[Start of section]

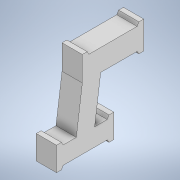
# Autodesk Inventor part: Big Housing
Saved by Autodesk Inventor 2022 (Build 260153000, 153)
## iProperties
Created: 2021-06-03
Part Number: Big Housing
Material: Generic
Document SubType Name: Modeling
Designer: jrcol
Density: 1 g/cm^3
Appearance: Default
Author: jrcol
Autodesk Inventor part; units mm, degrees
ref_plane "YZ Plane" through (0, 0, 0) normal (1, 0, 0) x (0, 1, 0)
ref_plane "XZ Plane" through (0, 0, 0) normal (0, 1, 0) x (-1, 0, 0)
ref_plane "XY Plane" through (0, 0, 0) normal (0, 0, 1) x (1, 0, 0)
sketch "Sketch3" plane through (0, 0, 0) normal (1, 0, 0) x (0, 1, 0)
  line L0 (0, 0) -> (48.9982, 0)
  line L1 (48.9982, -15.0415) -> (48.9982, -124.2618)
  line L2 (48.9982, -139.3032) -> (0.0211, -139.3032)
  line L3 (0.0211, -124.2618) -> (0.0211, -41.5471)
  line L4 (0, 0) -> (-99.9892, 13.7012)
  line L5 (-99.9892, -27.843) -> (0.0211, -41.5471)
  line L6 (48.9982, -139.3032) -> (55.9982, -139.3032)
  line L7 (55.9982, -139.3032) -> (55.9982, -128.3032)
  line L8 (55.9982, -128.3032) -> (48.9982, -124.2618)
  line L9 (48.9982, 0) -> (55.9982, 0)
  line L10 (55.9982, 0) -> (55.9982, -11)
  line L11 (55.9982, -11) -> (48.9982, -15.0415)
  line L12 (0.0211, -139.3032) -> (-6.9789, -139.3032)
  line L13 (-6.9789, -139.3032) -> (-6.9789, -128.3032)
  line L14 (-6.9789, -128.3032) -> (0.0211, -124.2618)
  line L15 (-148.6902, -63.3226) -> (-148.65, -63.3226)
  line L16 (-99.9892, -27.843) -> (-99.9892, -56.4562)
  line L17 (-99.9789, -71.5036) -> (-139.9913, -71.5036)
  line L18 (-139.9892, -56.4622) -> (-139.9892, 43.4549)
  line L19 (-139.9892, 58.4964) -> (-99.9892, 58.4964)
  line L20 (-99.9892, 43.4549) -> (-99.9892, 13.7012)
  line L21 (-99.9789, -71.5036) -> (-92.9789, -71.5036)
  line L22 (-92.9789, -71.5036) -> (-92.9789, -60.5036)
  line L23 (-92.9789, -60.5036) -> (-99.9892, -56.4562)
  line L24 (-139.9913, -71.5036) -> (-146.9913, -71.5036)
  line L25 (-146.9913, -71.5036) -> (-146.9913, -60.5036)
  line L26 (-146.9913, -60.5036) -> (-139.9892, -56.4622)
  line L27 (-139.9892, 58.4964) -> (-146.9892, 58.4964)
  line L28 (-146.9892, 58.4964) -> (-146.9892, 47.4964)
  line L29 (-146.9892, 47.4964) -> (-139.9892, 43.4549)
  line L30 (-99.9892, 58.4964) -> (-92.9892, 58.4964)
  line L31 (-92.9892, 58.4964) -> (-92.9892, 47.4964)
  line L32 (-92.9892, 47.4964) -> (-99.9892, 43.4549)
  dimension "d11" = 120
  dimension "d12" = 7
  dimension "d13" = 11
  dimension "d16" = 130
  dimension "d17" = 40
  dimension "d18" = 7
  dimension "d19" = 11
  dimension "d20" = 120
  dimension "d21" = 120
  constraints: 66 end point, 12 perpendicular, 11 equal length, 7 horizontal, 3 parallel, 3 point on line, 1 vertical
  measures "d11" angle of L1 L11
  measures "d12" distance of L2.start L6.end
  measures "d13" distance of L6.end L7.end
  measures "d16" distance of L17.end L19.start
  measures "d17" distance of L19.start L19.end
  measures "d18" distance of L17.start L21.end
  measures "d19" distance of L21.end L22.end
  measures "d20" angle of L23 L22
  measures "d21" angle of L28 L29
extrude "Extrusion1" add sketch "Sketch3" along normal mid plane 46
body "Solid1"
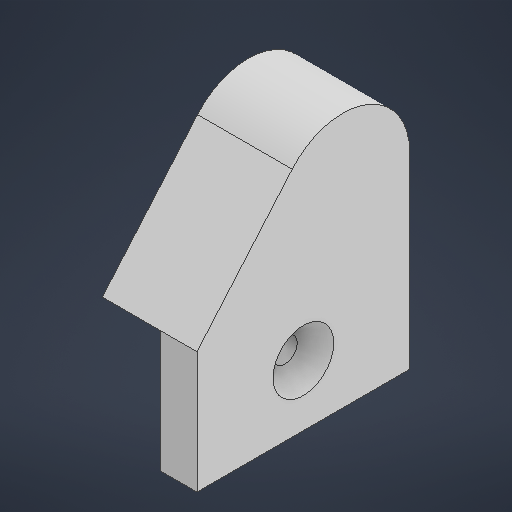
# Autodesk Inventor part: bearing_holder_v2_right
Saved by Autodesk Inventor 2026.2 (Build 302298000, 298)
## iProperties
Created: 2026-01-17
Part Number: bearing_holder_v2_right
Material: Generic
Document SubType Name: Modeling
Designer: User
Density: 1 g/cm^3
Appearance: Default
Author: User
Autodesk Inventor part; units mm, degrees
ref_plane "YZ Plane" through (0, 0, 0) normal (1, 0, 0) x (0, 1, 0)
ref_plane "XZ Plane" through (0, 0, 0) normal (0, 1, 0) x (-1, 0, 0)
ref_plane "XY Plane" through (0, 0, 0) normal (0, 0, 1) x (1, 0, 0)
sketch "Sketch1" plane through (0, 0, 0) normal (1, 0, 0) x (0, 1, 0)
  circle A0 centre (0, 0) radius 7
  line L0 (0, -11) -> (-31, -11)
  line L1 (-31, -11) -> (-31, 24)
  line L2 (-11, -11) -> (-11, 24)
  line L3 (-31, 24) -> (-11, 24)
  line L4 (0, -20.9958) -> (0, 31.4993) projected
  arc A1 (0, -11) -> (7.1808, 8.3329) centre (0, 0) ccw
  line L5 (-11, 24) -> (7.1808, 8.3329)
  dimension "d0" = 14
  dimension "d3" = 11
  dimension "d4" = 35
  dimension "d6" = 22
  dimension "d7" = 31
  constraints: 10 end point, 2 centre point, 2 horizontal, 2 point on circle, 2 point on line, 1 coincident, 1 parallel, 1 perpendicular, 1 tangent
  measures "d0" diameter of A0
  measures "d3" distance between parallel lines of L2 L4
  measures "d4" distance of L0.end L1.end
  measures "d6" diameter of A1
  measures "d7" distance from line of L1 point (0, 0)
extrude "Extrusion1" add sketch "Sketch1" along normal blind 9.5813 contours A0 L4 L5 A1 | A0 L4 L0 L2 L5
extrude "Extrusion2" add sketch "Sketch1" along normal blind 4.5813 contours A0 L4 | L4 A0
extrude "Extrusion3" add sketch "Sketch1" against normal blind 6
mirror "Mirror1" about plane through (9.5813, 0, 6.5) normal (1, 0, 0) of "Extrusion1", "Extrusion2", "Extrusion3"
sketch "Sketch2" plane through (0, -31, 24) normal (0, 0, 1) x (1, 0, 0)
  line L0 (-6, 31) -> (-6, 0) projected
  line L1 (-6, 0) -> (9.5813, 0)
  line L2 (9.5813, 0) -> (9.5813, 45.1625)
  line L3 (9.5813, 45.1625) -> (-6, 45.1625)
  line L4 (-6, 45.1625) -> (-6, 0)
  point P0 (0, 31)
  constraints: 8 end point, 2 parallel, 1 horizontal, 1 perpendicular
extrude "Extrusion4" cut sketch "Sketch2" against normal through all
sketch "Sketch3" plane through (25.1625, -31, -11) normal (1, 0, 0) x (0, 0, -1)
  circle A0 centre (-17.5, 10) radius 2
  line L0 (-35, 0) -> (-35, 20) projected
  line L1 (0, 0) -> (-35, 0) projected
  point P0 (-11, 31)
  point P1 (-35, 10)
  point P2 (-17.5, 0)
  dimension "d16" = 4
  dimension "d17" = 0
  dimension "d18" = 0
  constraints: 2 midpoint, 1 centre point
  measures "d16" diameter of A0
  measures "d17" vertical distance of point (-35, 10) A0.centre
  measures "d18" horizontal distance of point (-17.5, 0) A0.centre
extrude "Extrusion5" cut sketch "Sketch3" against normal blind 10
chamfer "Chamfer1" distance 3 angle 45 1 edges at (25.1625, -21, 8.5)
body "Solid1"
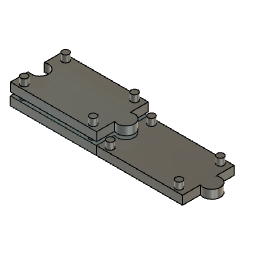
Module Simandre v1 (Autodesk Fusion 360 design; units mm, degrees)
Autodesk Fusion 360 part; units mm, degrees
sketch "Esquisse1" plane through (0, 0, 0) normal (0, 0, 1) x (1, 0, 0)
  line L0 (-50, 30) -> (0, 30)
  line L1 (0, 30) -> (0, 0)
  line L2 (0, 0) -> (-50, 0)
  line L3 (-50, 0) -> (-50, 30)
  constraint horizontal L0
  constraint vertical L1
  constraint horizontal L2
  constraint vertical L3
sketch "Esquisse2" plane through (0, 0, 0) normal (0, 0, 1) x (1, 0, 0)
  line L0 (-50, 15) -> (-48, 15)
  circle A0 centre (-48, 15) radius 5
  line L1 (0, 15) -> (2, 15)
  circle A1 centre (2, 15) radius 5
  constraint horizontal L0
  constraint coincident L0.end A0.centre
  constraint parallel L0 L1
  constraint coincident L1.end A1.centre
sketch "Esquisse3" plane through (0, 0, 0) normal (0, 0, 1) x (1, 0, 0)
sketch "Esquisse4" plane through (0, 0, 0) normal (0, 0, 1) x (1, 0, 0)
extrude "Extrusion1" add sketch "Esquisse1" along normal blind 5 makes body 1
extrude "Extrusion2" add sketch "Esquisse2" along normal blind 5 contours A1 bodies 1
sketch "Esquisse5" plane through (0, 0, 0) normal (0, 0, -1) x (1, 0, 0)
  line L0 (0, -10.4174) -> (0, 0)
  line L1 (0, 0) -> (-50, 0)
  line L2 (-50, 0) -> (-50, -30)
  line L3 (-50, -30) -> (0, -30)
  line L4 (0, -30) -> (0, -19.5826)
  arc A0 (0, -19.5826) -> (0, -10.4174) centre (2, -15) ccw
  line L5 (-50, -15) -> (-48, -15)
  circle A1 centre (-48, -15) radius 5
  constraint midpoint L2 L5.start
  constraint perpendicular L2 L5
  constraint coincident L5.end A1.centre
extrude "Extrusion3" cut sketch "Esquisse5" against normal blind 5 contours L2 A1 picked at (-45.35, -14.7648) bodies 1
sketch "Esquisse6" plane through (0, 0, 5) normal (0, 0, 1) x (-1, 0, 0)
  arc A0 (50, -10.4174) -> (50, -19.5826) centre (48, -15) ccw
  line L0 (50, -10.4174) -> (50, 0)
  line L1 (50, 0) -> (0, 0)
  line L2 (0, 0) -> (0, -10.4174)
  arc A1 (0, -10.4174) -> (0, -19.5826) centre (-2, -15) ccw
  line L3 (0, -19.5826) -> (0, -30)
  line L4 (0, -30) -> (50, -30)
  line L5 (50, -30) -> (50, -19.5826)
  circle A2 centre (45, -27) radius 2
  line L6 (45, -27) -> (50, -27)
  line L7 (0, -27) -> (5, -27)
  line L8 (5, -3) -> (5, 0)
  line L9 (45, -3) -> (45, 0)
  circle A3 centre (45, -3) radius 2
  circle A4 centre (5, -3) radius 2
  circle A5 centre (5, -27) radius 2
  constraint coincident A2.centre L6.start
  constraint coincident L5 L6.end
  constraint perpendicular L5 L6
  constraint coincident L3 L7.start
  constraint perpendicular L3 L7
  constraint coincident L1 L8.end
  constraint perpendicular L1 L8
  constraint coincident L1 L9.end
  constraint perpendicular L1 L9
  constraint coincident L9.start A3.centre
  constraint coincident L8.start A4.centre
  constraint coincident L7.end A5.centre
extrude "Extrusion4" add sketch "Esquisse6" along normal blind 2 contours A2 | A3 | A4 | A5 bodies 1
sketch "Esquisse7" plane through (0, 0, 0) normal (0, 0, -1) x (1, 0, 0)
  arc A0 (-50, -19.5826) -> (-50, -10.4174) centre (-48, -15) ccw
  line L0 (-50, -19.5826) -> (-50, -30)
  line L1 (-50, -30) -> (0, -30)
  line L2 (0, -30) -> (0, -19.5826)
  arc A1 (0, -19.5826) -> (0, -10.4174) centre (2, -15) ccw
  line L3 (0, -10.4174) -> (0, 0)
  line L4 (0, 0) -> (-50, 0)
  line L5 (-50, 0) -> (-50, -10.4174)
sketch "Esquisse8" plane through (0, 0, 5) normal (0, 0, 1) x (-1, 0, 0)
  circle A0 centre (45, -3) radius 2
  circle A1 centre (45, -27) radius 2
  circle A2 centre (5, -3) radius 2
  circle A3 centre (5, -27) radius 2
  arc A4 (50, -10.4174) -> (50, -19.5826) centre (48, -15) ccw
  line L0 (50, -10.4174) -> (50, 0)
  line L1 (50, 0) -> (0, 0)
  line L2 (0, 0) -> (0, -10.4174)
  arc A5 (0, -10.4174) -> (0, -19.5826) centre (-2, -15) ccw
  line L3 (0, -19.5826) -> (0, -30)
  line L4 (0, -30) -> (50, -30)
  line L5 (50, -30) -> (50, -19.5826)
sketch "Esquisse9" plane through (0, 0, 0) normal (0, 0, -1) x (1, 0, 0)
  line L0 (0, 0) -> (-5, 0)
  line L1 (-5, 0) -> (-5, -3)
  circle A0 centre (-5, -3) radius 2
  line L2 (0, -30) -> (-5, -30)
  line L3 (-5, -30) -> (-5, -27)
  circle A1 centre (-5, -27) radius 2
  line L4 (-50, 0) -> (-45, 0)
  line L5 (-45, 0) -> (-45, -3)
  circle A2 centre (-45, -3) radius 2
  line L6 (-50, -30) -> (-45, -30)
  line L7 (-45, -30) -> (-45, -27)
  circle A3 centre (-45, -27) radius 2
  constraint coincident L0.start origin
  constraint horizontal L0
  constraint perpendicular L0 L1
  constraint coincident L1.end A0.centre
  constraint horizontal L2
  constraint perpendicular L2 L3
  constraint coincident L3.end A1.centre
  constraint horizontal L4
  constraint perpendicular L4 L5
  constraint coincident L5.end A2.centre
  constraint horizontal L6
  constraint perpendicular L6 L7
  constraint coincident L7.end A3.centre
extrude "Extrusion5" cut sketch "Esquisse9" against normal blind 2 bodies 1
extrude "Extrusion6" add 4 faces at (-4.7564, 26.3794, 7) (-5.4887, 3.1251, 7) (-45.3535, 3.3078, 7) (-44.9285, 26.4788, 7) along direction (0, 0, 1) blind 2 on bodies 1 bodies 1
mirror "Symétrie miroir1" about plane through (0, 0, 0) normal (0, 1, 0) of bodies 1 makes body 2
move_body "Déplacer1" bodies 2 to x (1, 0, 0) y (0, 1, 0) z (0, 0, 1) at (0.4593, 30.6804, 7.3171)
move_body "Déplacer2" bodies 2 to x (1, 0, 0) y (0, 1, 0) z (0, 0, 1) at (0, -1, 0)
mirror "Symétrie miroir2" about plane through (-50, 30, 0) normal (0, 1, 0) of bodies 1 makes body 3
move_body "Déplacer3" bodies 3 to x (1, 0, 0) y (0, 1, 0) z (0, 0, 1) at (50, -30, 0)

[End of section]

Copy every line of the data that carries the word "Number".

Part Number: Big Housing
Part Number: bearing_holder_v2_right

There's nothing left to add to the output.